Connecting IBM System i to a Microsoft Exchange POP3 via SSL
This document, dated December 13, 2015, is the report from a MMAIL-AMailer user who succeded in activating SSL on IBM i for a MS Exchange POP3.

Giovanni,

you can find the Microsoft document regarding the SSL certificates required to access a Microsoft Exchange POP3 at page https://support.microsoft.com/en-us/kb/2954298.

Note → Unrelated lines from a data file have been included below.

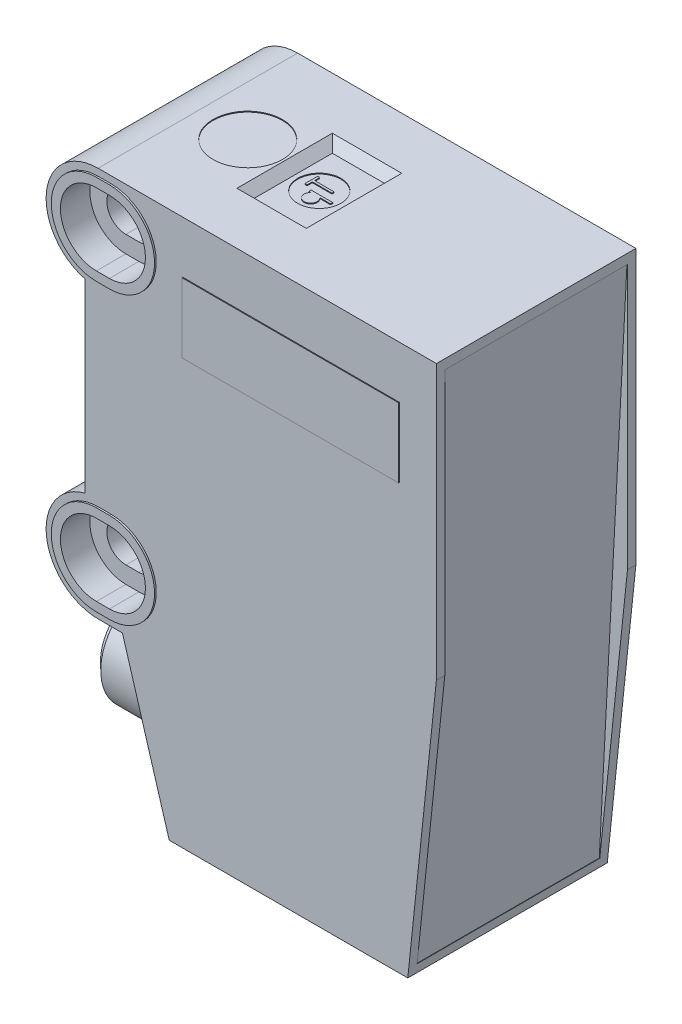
ISO-10303-21;
HEADER;
FILE_DESCRIPTION(('STEP AP214'),'2;1');
FILE_NAME('part.step','',(''),(''),'','','');
FILE_SCHEMA(('AUTOMOTIVE_DESIGN { 1 0 10303 214 1 1 1 1 }'));
ENDSEC;
DATA;
#1=APPLICATION_CONTEXT('core data for automotive mechanical design processes');
#2=APPLICATION_PROTOCOL_DEFINITION('international standard','automotive_design',2000,#1);
#3=PRODUCT_CONTEXT('',#1,'mechanical');
#4=PRODUCT('Part','Part','',(#3));
#5=PRODUCT_RELATED_PRODUCT_CATEGORY('part','',(#4));
#6=PRODUCT_DEFINITION_FORMATION('','',#4);
#7=PRODUCT_DEFINITION_CONTEXT('part definition',#1,'design');
#8=PRODUCT_DEFINITION('design','',#6,#7);
#9=PRODUCT_DEFINITION_SHAPE('','',#8);
#10=(LENGTH_UNIT() NAMED_UNIT(*) SI_UNIT(.MILLI.,.METRE.));
#11=(NAMED_UNIT(*) PLANE_ANGLE_UNIT() SI_UNIT($,.RADIAN.));
#12=(NAMED_UNIT(*) SI_UNIT($,.STERADIAN.) SOLID_ANGLE_UNIT());
#13=UNCERTAINTY_MEASURE_WITH_UNIT(LENGTH_MEASURE(1.E-05),#10,'distance_accuracy_value','');
#14=(GEOMETRIC_REPRESENTATION_CONTEXT(3) GLOBAL_UNCERTAINTY_ASSIGNED_CONTEXT((#13)) GLOBAL_UNIT_ASSIGNED_CONTEXT((#10,
#11,#12)) REPRESENTATION_CONTEXT('',''));
#15=CARTESIAN_POINT('',(0.,0.,0.));
#16=DIRECTION('',(0.,0.,1.));
#17=DIRECTION('',(1.,0.,0.));
#18=AXIS2_PLACEMENT_3D('',#15,#16,#17);
#19=CARTESIAN_POINT('',(-0.750000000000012,0.,11.5));
#20=DIRECTION('',(0.,0.,1.));
#21=DIRECTION('',(1.,0.,0.));
#22=AXIS2_PLACEMENT_3D('',#19,#20,#21);
#23=PLANE('',#22);
#24=DIRECTION('',(-1.,0.,0.));
#25=VECTOR('',#24,1.);
#26=CARTESIAN_POINT('',(0.75,38.2,11.5));
#27=LINE('',#26,#25);
#28=CARTESIAN_POINT('',(0.75,38.2,11.5));
#29=VERTEX_POINT('',#28);
#30=CARTESIAN_POINT('',(-0.75,38.2,11.5));
#31=VERTEX_POINT('',#30);
#32=EDGE_CURVE('E7',#29,#31,#27,.T.);
#33=ORIENTED_EDGE('',*,*,#32,.F.);
#34=CARTESIAN_POINT('',(0.75,33.,11.5));
#35=DIRECTION('',(0.,0.,1.));
#36=DIRECTION('',(0.,-1.,0.));
#37=AXIS2_PLACEMENT_3D('',#34,#35,#36);
#38=CIRCLE('',#37,5.2);
#39=CARTESIAN_POINT('',(0.75,27.8,11.5));
#40=VERTEX_POINT('',#39);
#41=EDGE_CURVE('E14',#40,#29,#38,.T.);
#42=ORIENTED_EDGE('',*,*,#41,.F.);
#43=DIRECTION('',(1.,0.,0.));
#44=VECTOR('',#43,1.);
#45=CARTESIAN_POINT('',(-0.75,27.8,11.5));
#46=LINE('',#45,#44);
#47=CARTESIAN_POINT('',(-0.75,27.8,11.5));
#48=VERTEX_POINT('',#47);
#49=EDGE_CURVE('E21',#48,#40,#46,.T.);
#50=ORIENTED_EDGE('',*,*,#49,.F.);
#51=CARTESIAN_POINT('',(-0.75,33.,11.5));
#52=DIRECTION('',(0.,0.,1.));
#53=DIRECTION('',(0.,1.,0.));
#54=AXIS2_PLACEMENT_3D('',#51,#52,#53);
#55=CIRCLE('',#54,5.2);
#56=EDGE_CURVE('E28',#31,#48,#55,.T.);
#57=ORIENTED_EDGE('',*,*,#56,.F.);
#58=EDGE_LOOP('',(#33,#42,#50,#57));
#59=FACE_BOUND('',#58,.T.);
#60=DIRECTION('',(-1.,0.,0.));
#61=VECTOR('',#60,1.);
#62=CARTESIAN_POINT('',(0.75,5.2,11.5));
#63=LINE('',#62,#61);
#64=CARTESIAN_POINT('',(0.75,5.2,11.5));
#65=VERTEX_POINT('',#64);
#66=CARTESIAN_POINT('',(-0.75,5.2,11.5));
#67=VERTEX_POINT('',#66);
#68=EDGE_CURVE('E36',#65,#67,#63,.T.);
#69=ORIENTED_EDGE('',*,*,#68,.F.);
#70=CARTESIAN_POINT('',(0.75,0.,11.5));
#71=DIRECTION('',(0.,0.,1.));
#72=DIRECTION('',(0.,-1.,0.));
#73=AXIS2_PLACEMENT_3D('',#70,#71,#72);
#74=CIRCLE('',#73,5.2);
#75=CARTESIAN_POINT('',(0.75,-5.2,11.5));
#76=VERTEX_POINT('',#75);
#77=EDGE_CURVE('E43',#76,#65,#74,.T.);
#78=ORIENTED_EDGE('',*,*,#77,.F.);
#79=DIRECTION('',(1.,0.,0.));
#80=VECTOR('',#79,1.);
#81=CARTESIAN_POINT('',(-0.75,-5.2,11.5));
#82=LINE('',#81,#80);
#83=CARTESIAN_POINT('',(-0.75,-5.2,11.5));
#84=VERTEX_POINT('',#83);
#85=EDGE_CURVE('E50',#84,#76,#82,.T.);
#86=ORIENTED_EDGE('',*,*,#85,.F.);
#87=CARTESIAN_POINT('',(-0.75,0.,11.5));
#88=DIRECTION('',(0.,0.,1.));
#89=DIRECTION('',(0.,1.,0.));
#90=AXIS2_PLACEMENT_3D('',#87,#88,#89);
#91=CIRCLE('',#90,5.2);
#92=EDGE_CURVE('E57',#67,#84,#91,.T.);
#93=ORIENTED_EDGE('',*,*,#92,.F.);
#94=EDGE_LOOP('',(#69,#78,#86,#93));
#95=FACE_BOUND('',#94,.T.);
#96=DIRECTION('',(0.,-1.,0.));
#97=VECTOR('',#96,1.);
#98=CARTESIAN_POINT('',(-2.25,27.190524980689,11.5));
#99=LINE('',#98,#97);
#100=CARTESIAN_POINT('',(-2.25,27.190524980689,11.5));
#101=VERTEX_POINT('',#100);
#102=CARTESIAN_POINT('',(-2.25,5.8094750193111,11.5));
#103=VERTEX_POINT('',#102);
#104=EDGE_CURVE('E65',#101,#103,#99,.T.);
#105=ORIENTED_EDGE('',*,*,#104,.T.);
#106=CARTESIAN_POINT('',(-0.750000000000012,0.,11.5));
#107=DIRECTION('',(0.,0.,1.));
#108=DIRECTION('',(-0.249999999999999,0.968245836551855,0.));
#109=AXIS2_PLACEMENT_3D('',#106,#107,#108);
#110=CIRCLE('',#109,6.);
#111=CARTESIAN_POINT('',(-0.75,-6.,11.5));
#112=VERTEX_POINT('',#111);
#113=EDGE_CURVE('E72',#103,#112,#110,.T.);
#114=ORIENTED_EDGE('',*,*,#113,.T.);
#115=DIRECTION('',(1.,0.,0.));
#116=VECTOR('',#115,1.);
#117=CARTESIAN_POINT('',(-0.75,-6.,11.5));
#118=LINE('',#117,#116);
#119=CARTESIAN_POINT('',(2.0497411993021,-6.,11.5));
#120=VERTEX_POINT('',#119);
#121=EDGE_CURVE('E79',#112,#120,#118,.T.);
#122=ORIENTED_EDGE('',*,*,#121,.T.);
#123=DIRECTION('',(0.287360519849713,-0.957822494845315,0.));
#124=VECTOR('',#123,1.);
#125=CARTESIAN_POINT('',(2.0497411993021,-6.,11.5));
#126=LINE('',#125,#124);
#127=CARTESIAN_POINT('',(7.45,-24.,11.5));
#128=VERTEX_POINT('',#127);
#129=EDGE_CURVE('E86',#120,#128,#126,.T.);
#130=ORIENTED_EDGE('',*,*,#129,.T.);
#131=DIRECTION('',(1.,0.,0.));
#132=VECTOR('',#131,1.);
#133=CARTESIAN_POINT('',(7.45,-24.,11.5));
#134=LINE('',#133,#132);
#135=CARTESIAN_POINT('',(34.95,-24.,11.5));
#136=VERTEX_POINT('',#135);
#137=EDGE_CURVE('E93',#128,#136,#134,.T.);
#138=ORIENTED_EDGE('',*,*,#137,.T.);
#139=DIRECTION('',(0.104528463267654,0.994521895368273,0.));
#140=VECTOR('',#139,1.);
#141=CARTESIAN_POINT('',(34.95,-24.,11.5));
#142=LINE('',#141,#140);
#143=CARTESIAN_POINT('',(38.25,7.3974026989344,11.5));
#144=VERTEX_POINT('',#143);
#145=EDGE_CURVE('E100',#136,#144,#142,.T.);
#146=ORIENTED_EDGE('',*,*,#145,.T.);
#147=DIRECTION('',(0.,1.,0.));
#148=VECTOR('',#147,1.);
#149=CARTESIAN_POINT('',(38.25,7.3974026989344,11.5));
#150=LINE('',#149,#148);
#151=CARTESIAN_POINT('',(38.25,39.,11.5));
#152=VERTEX_POINT('',#151);
#153=EDGE_CURVE('E107',#144,#152,#150,.T.);
#154=ORIENTED_EDGE('',*,*,#153,.T.);
#155=DIRECTION('',(-1.,0.,0.));
#156=VECTOR('',#155,1.);
#157=CARTESIAN_POINT('',(38.25,39.,11.5));
#158=LINE('',#157,#156);
#159=CARTESIAN_POINT('',(-0.75,39.,11.5));
#160=VERTEX_POINT('',#159);
#161=EDGE_CURVE('E114',#152,#160,#158,.T.);
#162=ORIENTED_EDGE('',*,*,#161,.T.);
#163=CARTESIAN_POINT('',(-0.75,33.,11.5));
#164=DIRECTION('',(0.,0.,1.));
#165=DIRECTION('',(0.,1.,0.));
#166=AXIS2_PLACEMENT_3D('',#163,#164,#165);
#167=CIRCLE('',#166,6.);
#168=EDGE_CURVE('E121',#160,#101,#167,.T.);
#169=ORIENTED_EDGE('',*,*,#168,.T.);
#170=EDGE_LOOP('',(#105,#114,#122,#130,#138,#146,#154,#162,#169));
#171=FACE_BOUND('',#170,.T.);
#172=DIRECTION('',(0.,1.,0.));
#173=VECTOR('',#172,1.);
#174=CARTESIAN_POINT('',(9.,25.,11.5));
#175=LINE('',#174,#173);
#176=CARTESIAN_POINT('',(9.,25.,11.5));
#177=VERTEX_POINT('',#176);
#178=CARTESIAN_POINT('',(9.,33.,11.5));
#179=VERTEX_POINT('',#178);
#180=EDGE_CURVE('E129',#177,#179,#175,.T.);
#181=ORIENTED_EDGE('',*,*,#180,.T.);
#182=DIRECTION('',(1.,0.,0.));
#183=VECTOR('',#182,1.);
#184=CARTESIAN_POINT('',(9.,33.,11.5));
#185=LINE('',#184,#183);
#186=CARTESIAN_POINT('',(34.,33.,11.5));
#187=VERTEX_POINT('',#186);
#188=EDGE_CURVE('E136',#179,#187,#185,.T.);
#189=ORIENTED_EDGE('',*,*,#188,.T.);
#190=DIRECTION('',(0.,-1.,0.));
#191=VECTOR('',#190,1.);
#192=CARTESIAN_POINT('',(34.,33.,11.5));
#193=LINE('',#192,#191);
#194=CARTESIAN_POINT('',(34.,25.,11.5));
#195=VERTEX_POINT('',#194);
#196=EDGE_CURVE('E143',#187,#195,#193,.T.);
#197=ORIENTED_EDGE('',*,*,#196,.T.);
#198=DIRECTION('',(-1.,0.,0.));
#199=VECTOR('',#198,1.);
#200=CARTESIAN_POINT('',(34.,25.,11.5));
#201=LINE('',#200,#199);
#202=EDGE_CURVE('E150',#195,#177,#201,.T.);
#203=ORIENTED_EDGE('',*,*,#202,.T.);
#204=EDGE_LOOP('',(#181,#189,#197,#203));
#205=FACE_BOUND('',#204,.T.);
#206=ADVANCED_FACE('F156',(#59,#95,#171,#205),#23,.T.);
#207=CARTESIAN_POINT('',(-0.750000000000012,0.,-11.5));
#208=DIRECTION('',(0.,0.,1.));
#209=DIRECTION('',(1.,0.,0.));
#210=AXIS2_PLACEMENT_3D('',#207,#208,#209);
#211=PLANE('',#210);
#212=DIRECTION('',(0.,-1.,0.));
#213=VECTOR('',#212,1.);
#214=CARTESIAN_POINT('',(-2.25,27.190524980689,-11.5));
#215=LINE('',#214,#213);
#216=CARTESIAN_POINT('',(-2.25,27.190524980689,-11.5));
#217=VERTEX_POINT('',#216);
#218=CARTESIAN_POINT('',(-2.25,5.8094750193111,-11.5));
#219=VERTEX_POINT('',#218);
#220=EDGE_CURVE('E169',#217,#219,#215,.T.);
#221=ORIENTED_EDGE('',*,*,#220,.F.);
#222=CARTESIAN_POINT('',(-0.75,33.,-11.5));
#223=DIRECTION('',(0.,0.,1.));
#224=DIRECTION('',(0.,1.,0.));
#225=AXIS2_PLACEMENT_3D('',#222,#223,#224);
#226=CIRCLE('',#225,6.);
#227=CARTESIAN_POINT('',(-0.75,39.,-11.5));
#228=VERTEX_POINT('',#227);
#229=EDGE_CURVE('E176',#228,#217,#226,.T.);
#230=ORIENTED_EDGE('',*,*,#229,.F.);
#231=DIRECTION('',(-1.,0.,0.));
#232=VECTOR('',#231,1.);
#233=CARTESIAN_POINT('',(38.25,39.,-11.5));
#234=LINE('',#233,#232);
#235=CARTESIAN_POINT('',(38.25,39.,-11.5));
#236=VERTEX_POINT('',#235);
#237=EDGE_CURVE('E183',#236,#228,#234,.T.);
#238=ORIENTED_EDGE('',*,*,#237,.F.);
#239=DIRECTION('',(0.,1.,0.));
#240=VECTOR('',#239,1.);
#241=CARTESIAN_POINT('',(38.25,7.3974026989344,-11.5));
#242=LINE('',#241,#240);
#243=CARTESIAN_POINT('',(38.25,7.3974026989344,-11.5));
#244=VERTEX_POINT('',#243);
#245=EDGE_CURVE('E190',#244,#236,#242,.T.);
#246=ORIENTED_EDGE('',*,*,#245,.F.);
#247=DIRECTION('',(0.104528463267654,0.994521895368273,0.));
#248=VECTOR('',#247,1.);
#249=CARTESIAN_POINT('',(34.95,-24.,-11.5));
#250=LINE('',#249,#248);
#251=CARTESIAN_POINT('',(34.95,-24.,-11.5));
#252=VERTEX_POINT('',#251);
#253=EDGE_CURVE('E197',#252,#244,#250,.T.);
#254=ORIENTED_EDGE('',*,*,#253,.F.);
#255=DIRECTION('',(1.,0.,0.));
#256=VECTOR('',#255,1.);
#257=CARTESIAN_POINT('',(7.45,-24.,-11.5));
#258=LINE('',#257,#256);
#259=CARTESIAN_POINT('',(7.45,-24.,-11.5));
#260=VERTEX_POINT('',#259);
#261=EDGE_CURVE('E204',#260,#252,#258,.T.);
#262=ORIENTED_EDGE('',*,*,#261,.F.);
#263=DIRECTION('',(0.287360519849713,-0.957822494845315,0.));
#264=VECTOR('',#263,1.);
#265=CARTESIAN_POINT('',(2.0497411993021,-6.,-11.5));
#266=LINE('',#265,#264);
#267=CARTESIAN_POINT('',(2.0497411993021,-6.,-11.5));
#268=VERTEX_POINT('',#267);
#269=EDGE_CURVE('E211',#268,#260,#266,.T.);
#270=ORIENTED_EDGE('',*,*,#269,.F.);
#271=DIRECTION('',(1.,0.,0.));
#272=VECTOR('',#271,1.);
#273=CARTESIAN_POINT('',(-0.75,-6.,-11.5));
#274=LINE('',#273,#272);
#275=CARTESIAN_POINT('',(-0.75,-6.,-11.5));
#276=VERTEX_POINT('',#275);
#277=EDGE_CURVE('E218',#276,#268,#274,.T.);
#278=ORIENTED_EDGE('',*,*,#277,.F.);
#279=CARTESIAN_POINT('',(-0.750000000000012,0.,-11.5));
#280=DIRECTION('',(0.,0.,1.));
#281=DIRECTION('',(-0.249999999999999,0.968245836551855,0.));
#282=AXIS2_PLACEMENT_3D('',#279,#280,#281);
#283=CIRCLE('',#282,6.);
#284=EDGE_CURVE('E225',#219,#276,#283,.T.);
#285=ORIENTED_EDGE('',*,*,#284,.F.);
#286=EDGE_LOOP('',(#221,#230,#238,#246,#254,#262,#270,#278,#285));
#287=FACE_BOUND('',#286,.T.);
#288=CARTESIAN_POINT('',(0.75,0.,-11.5));
#289=DIRECTION('',(0.,0.,1.));
#290=DIRECTION('',(0.,-1.,0.));
#291=AXIS2_PLACEMENT_3D('',#288,#289,#290);
#292=CIRCLE('',#291,5.2);
#293=CARTESIAN_POINT('',(0.75,-5.2,-11.5));
#294=VERTEX_POINT('',#293);
#295=CARTESIAN_POINT('',(0.75,5.2,-11.5));
#296=VERTEX_POINT('',#295);
#297=EDGE_CURVE('E233',#294,#296,#292,.T.);
#298=ORIENTED_EDGE('',*,*,#297,.T.);
#299=DIRECTION('',(-1.,0.,0.));
#300=VECTOR('',#299,1.);
#301=CARTESIAN_POINT('',(0.75,5.2,-11.5));
#302=LINE('',#301,#300);
#303=CARTESIAN_POINT('',(-0.75,5.2,-11.5));
#304=VERTEX_POINT('',#303);
#305=EDGE_CURVE('E240',#296,#304,#302,.T.);
#306=ORIENTED_EDGE('',*,*,#305,.T.);
#307=CARTESIAN_POINT('',(-0.75,0.,-11.5));
#308=DIRECTION('',(0.,0.,1.));
#309=DIRECTION('',(0.,1.,0.));
#310=AXIS2_PLACEMENT_3D('',#307,#308,#309);
#311=CIRCLE('',#310,5.2);
#312=CARTESIAN_POINT('',(-0.75,-5.2,-11.5));
#313=VERTEX_POINT('',#312);
#314=EDGE_CURVE('E247',#304,#313,#311,.T.);
#315=ORIENTED_EDGE('',*,*,#314,.T.);
#316=DIRECTION('',(1.,0.,0.));
#317=VECTOR('',#316,1.);
#318=CARTESIAN_POINT('',(-0.75,-5.2,-11.5));
#319=LINE('',#318,#317);
#320=EDGE_CURVE('E254',#313,#294,#319,.T.);
#321=ORIENTED_EDGE('',*,*,#320,.T.);
#322=EDGE_LOOP('',(#298,#306,#315,#321));
#323=FACE_BOUND('',#322,.T.);
#324=CARTESIAN_POINT('',(0.75,33.,-11.5));
#325=DIRECTION('',(0.,0.,1.));
#326=DIRECTION('',(0.,-1.,0.));
#327=AXIS2_PLACEMENT_3D('',#324,#325,#326);
#328=CIRCLE('',#327,5.2);
#329=CARTESIAN_POINT('',(0.75,27.8,-11.5));
#330=VERTEX_POINT('',#329);
#331=CARTESIAN_POINT('',(0.75,38.2,-11.5));
#332=VERTEX_POINT('',#331);
#333=EDGE_CURVE('E262',#330,#332,#328,.T.);
#334=ORIENTED_EDGE('',*,*,#333,.T.);
#335=DIRECTION('',(-1.,0.,0.));
#336=VECTOR('',#335,1.);
#337=CARTESIAN_POINT('',(0.75,38.2,-11.5));
#338=LINE('',#337,#336);
#339=CARTESIAN_POINT('',(-0.75,38.2,-11.5));
#340=VERTEX_POINT('',#339);
#341=EDGE_CURVE('E269',#332,#340,#338,.T.);
#342=ORIENTED_EDGE('',*,*,#341,.T.);
#343=CARTESIAN_POINT('',(-0.75,33.,-11.5));
#344=DIRECTION('',(0.,0.,1.));
#345=DIRECTION('',(0.,1.,0.));
#346=AXIS2_PLACEMENT_3D('',#343,#344,#345);
#347=CIRCLE('',#346,5.2);
#348=CARTESIAN_POINT('',(-0.75,27.8,-11.5));
#349=VERTEX_POINT('',#348);
#350=EDGE_CURVE('E276',#340,#349,#347,.T.);
#351=ORIENTED_EDGE('',*,*,#350,.T.);
#352=DIRECTION('',(1.,0.,0.));
#353=VECTOR('',#352,1.);
#354=CARTESIAN_POINT('',(-0.75,27.8,-11.5));
#355=LINE('',#354,#353);
#356=EDGE_CURVE('E283',#349,#330,#355,.T.);
#357=ORIENTED_EDGE('',*,*,#356,.T.);
#358=EDGE_LOOP('',(#334,#342,#351,#357));
#359=FACE_BOUND('',#358,.T.);
#360=DIRECTION('',(1.,0.,0.));
#361=VECTOR('',#360,1.);
#362=CARTESIAN_POINT('',(9.,33.,-11.5));
#363=LINE('',#362,#361);
#364=CARTESIAN_POINT('',(9.,33.,-11.5));
#365=VERTEX_POINT('',#364);
#366=CARTESIAN_POINT('',(34.,33.,-11.5));
#367=VERTEX_POINT('',#366);
#368=EDGE_CURVE('E291',#365,#367,#363,.T.);
#369=ORIENTED_EDGE('',*,*,#368,.F.);
#370=DIRECTION('',(0.,1.,0.));
#371=VECTOR('',#370,1.);
#372=CARTESIAN_POINT('',(9.,25.,-11.5));
#373=LINE('',#372,#371);
#374=CARTESIAN_POINT('',(9.,25.,-11.5));
#375=VERTEX_POINT('',#374);
#376=EDGE_CURVE('E298',#375,#365,#373,.T.);
#377=ORIENTED_EDGE('',*,*,#376,.F.);
#378=DIRECTION('',(-1.,0.,0.));
#379=VECTOR('',#378,1.);
#380=CARTESIAN_POINT('',(34.,25.,-11.5));
#381=LINE('',#380,#379);
#382=CARTESIAN_POINT('',(34.,25.,-11.5));
#383=VERTEX_POINT('',#382);
#384=EDGE_CURVE('E305',#383,#375,#381,.T.);
#385=ORIENTED_EDGE('',*,*,#384,.F.);
#386=DIRECTION('',(0.,-1.,0.));
#387=VECTOR('',#386,1.);
#388=CARTESIAN_POINT('',(34.,33.,-11.5));
#389=LINE('',#388,#387);
#390=EDGE_CURVE('E312',#367,#383,#389,.T.);
#391=ORIENTED_EDGE('',*,*,#390,.F.);
#392=EDGE_LOOP('',(#369,#377,#385,#391));
#393=FACE_BOUND('',#392,.T.);
#394=ADVANCED_FACE('F318',(#287,#323,#359,#393),#211,.F.);
#395=CARTESIAN_POINT('',(2.05,-14.,0.));
#396=DIRECTION('',(-1.,0.,0.));
#397=DIRECTION('',(0.,0.,1.));
#398=AXIS2_PLACEMENT_3D('',#395,#396,#397);
#399=CYLINDRICAL_SURFACE('',#398,0.5);
#400=CARTESIAN_POINT('',(2.05,-14.,0.));
#401=DIRECTION('',(-1.,0.,0.));
#402=DIRECTION('',(0.,1.,0.));
#403=AXIS2_PLACEMENT_3D('',#400,#401,#402);
#404=CIRCLE('',#403,0.5);
#405=CARTESIAN_POINT('',(2.05,-13.5,0.));
#406=VERTEX_POINT('',#405);
#407=EDGE_CURVE('E325',#406,#406,#404,.T.);
#408=ORIENTED_EDGE('',*,*,#407,.T.);
#409=EDGE_LOOP('',(#408));
#410=FACE_BOUND('',#409,.T.);
#411=CARTESIAN_POINT('',(-5.25,-14.,0.));
#412=DIRECTION('',(1.,0.,0.));
#413=DIRECTION('',(0.,0.,1.));
#414=AXIS2_PLACEMENT_3D('',#411,#412,#413);
#415=CIRCLE('',#414,0.5);
#416=CARTESIAN_POINT('',(-5.25,-14.,0.5));
#417=VERTEX_POINT('',#416);
#418=EDGE_CURVE('E329',#417,#417,#415,.T.);
#419=ORIENTED_EDGE('',*,*,#418,.T.);
#420=EDGE_LOOP('',(#419));
#421=FACE_BOUND('',#420,.T.);
#422=ADVANCED_FACE('F333',(#410,#421),#399,.T.);
#423=CARTESIAN_POINT('',(2.05,-16.5,-2.5));
#424=DIRECTION('',(-1.,0.,0.));
#425=DIRECTION('',(0.,0.,1.));
#426=AXIS2_PLACEMENT_3D('',#423,#424,#425);
#427=CYLINDRICAL_SURFACE('',#426,0.5);
#428=CARTESIAN_POINT('',(2.05,-16.5,-2.5));
#429=DIRECTION('',(-1.,0.,0.));
#430=DIRECTION('',(0.,1.,0.));
#431=AXIS2_PLACEMENT_3D('',#428,#429,#430);
#432=CIRCLE('',#431,0.5);
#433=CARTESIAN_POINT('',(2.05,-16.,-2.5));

The key line in this document is:

"All client computers that connect to the Exchange Online Service should have a copy of the Baltimore CyberTrust Root CA root certificate installed locally in the Trusted Root Certification Authorities Certificates store.“

The following steps cover what I did on my IBM System i to establish the coonection to MS Exchange POP3:

  1. Download the Baltimore CyberTrust Root CA (Baltimore CyberTrust Root certificate) (mentioned in the above document)
  2. On the IBM i, create an IFS directory in which to move the CA (bc2025.crt) (example: “/home/giovanni/CAs”)
  3. Create a New Share to the IFS directory via System i Navigator (example: “share name Jb3 to /home/jgiovanni/CAs”)
  4. Open the shared directory window via Start>Run (example: “Start>Run>Open \\10.16.5.39\Jb3”)
  5. Copy the CA (bc2025.crt) to the newly created IFS directory
  6. Open IBM Navigator for i in a browser window (example: “http://10.16.5.39:2001”)
    (of course, an ADMIN HTTP instance must be running)
  7. Log onto IBM Navigator for i with a class *SECOFR user profile
  8. Click on the “IBM iTasks Page” link
    In my case, this link was at the bottom of the ‘Welcome to the IBM Navigator for i’ frame on the right side of the screen.
    This may be different depending on the OS version that is being used ((I’m running V7R1).
    What you are looking for is the ‘Digital Certificate Manager’ link.
  9. Click on the ‘http’ link next to ‘Digital Certificate Manager’.
  10. Log in with a class *SECOFR user profile
  11. Click the ‘Select a Certificate Store’ button at the top left of the ‘Digital Certificate Manager’ screen
  12. Click ‘*SYSTEM’ (if it is not already) and then click ‘Continue’
  13. Enter the ‘Certificate store password’ (you can ‘Reset Password’ if you don’t know it) and then click ‘Continue’
  14. In the left side frame, click ‘Manage Certificates’
  15. In the drop down menu below ‘Manage Certificates’ click ‘Import certificate’
  16. Click the ‘Certificate Authority (CA)’ radio button and then click ‘Continue’
  17. In the ‘Import file:’ box enter the path/cert file and then click ‘Continue’ (example: “/home/giovanni/CAs/bc2025.crt”)
  18. In the ‘CA certificate label’ box enter a name for the certificate (example: ‘BaltimoreCyberTrustRoot’)
    You should receive the following message:
    The certificate has been imported.

    Use the Manage Applications task if you want to specify that applications trust this Certificate Authority (CA).

I hope that this helps anyone currently using MMail that is looking to move to the cloud via Exchange Online Service.
The above steps are very much along the lines that you describe on the ‘How to Connect to SSL-POP3 servers’ page other than that this is for those that are already connecting directly to a SSL-POP3 server and are now moving into cloud technology.
I am connecting to Outlook.Office365.com.
I’m sure that there are many other cloud based services, so the key is to find the DC that the cloud service requires.